Oxytocin solution structure changes upon protonation of the N-terminus in dimethyl sulfoxide.

With the combined use of various two-dimensional (2D) NMR techniques, a complete assignment of the 1H and 13C resonances of oxytocin, Cys-Tyr-Ile-Gln-Asn-Cys-Pro-Leu-Gly-NH2, for two molecular states, protonated and unprotonated at the N-terminal group, was performed in dimethyl sulfoxide. A small but distinct change in the backbone conformation of the six-residue cyclic moiety, associated with the protonation, was first suggested from those NMR parameters relevant to conformation, such as change with temperature in the chemical shifts of the peptide amide protons and changes in chemical shifts and homonuclear as well as heteronuclear three-bond coupling constants. The solution structures of oxytocin for the protonated and unprotonated forms were then calculated using distance analysis in dihedral-angle space, based on a relaxation matrix evaluated from quantitative NOE intensities at different mixing times.
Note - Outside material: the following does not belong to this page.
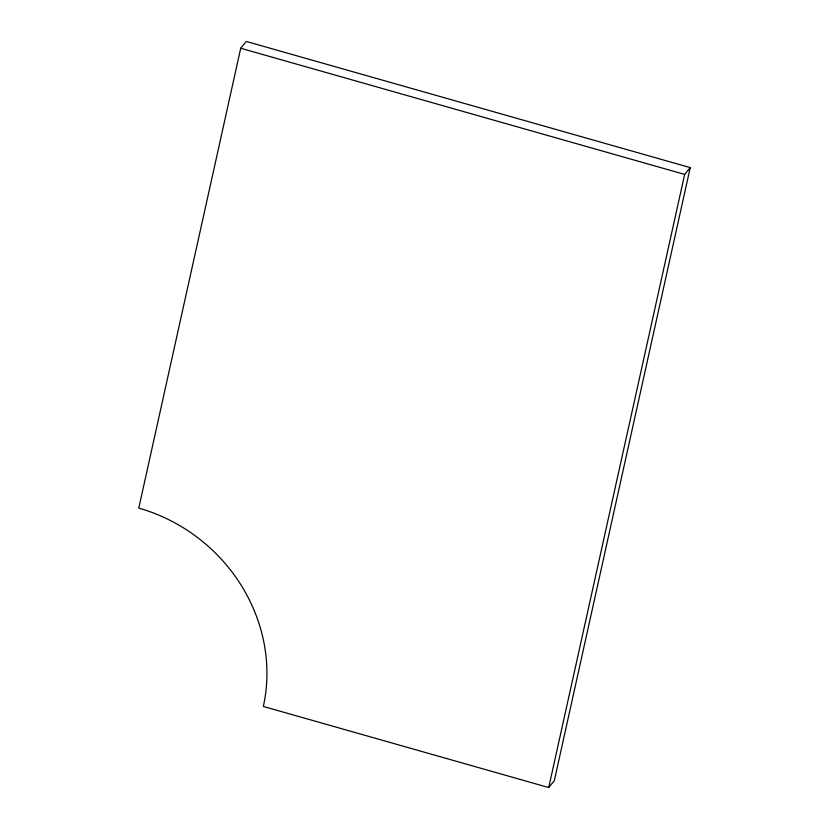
<?xml version="1.0" encoding="UTF-8"?>
<svg xmlns="http://www.w3.org/2000/svg" width="829" height="829" viewBox="0 0 829 829"><rect width="100%" height="100%" fill="white"/><g stroke="black" fill="none" stroke-linecap="round" stroke-linejoin="round"><path stroke-width="1.24" d="M240.721 48.248L138.764 508.104A166.981 154.712 39.4 0 1 263.332 706.443L548.715 787.55L554.3 780.752L690.236 167.613L246.296 41.45L240.721 48.248L684.65 174.411L690.236 167.613M548.715 787.55L684.65 174.411"/></g></svg>

Total amounts of 93 and 105 distances were determined for the protonated and the unprotonated forms, respectively. There were 25 interresidue distances relevant to the structure of the cyclic moiety for the protonated form of oxytocin and 43 for the unprotonated form. Overall structures with the lowest target penalty function were similar between the two forms, having a beta-turn structure at the endocyclic residues of the Tyr-Ile-Gln-Asn moiety. The local backbone conformations near the N-terminus, however, were significantly different between the two forms. This was found to be due to a change in the dihedral angle of the disulfide bridge (chi ss around C-S-S-C), which closes the ring in the cyclic peptide. The dihedral angle was about +90 degrees for the unprotonated form and an intermediate value of about +45 degrees for the protonated form.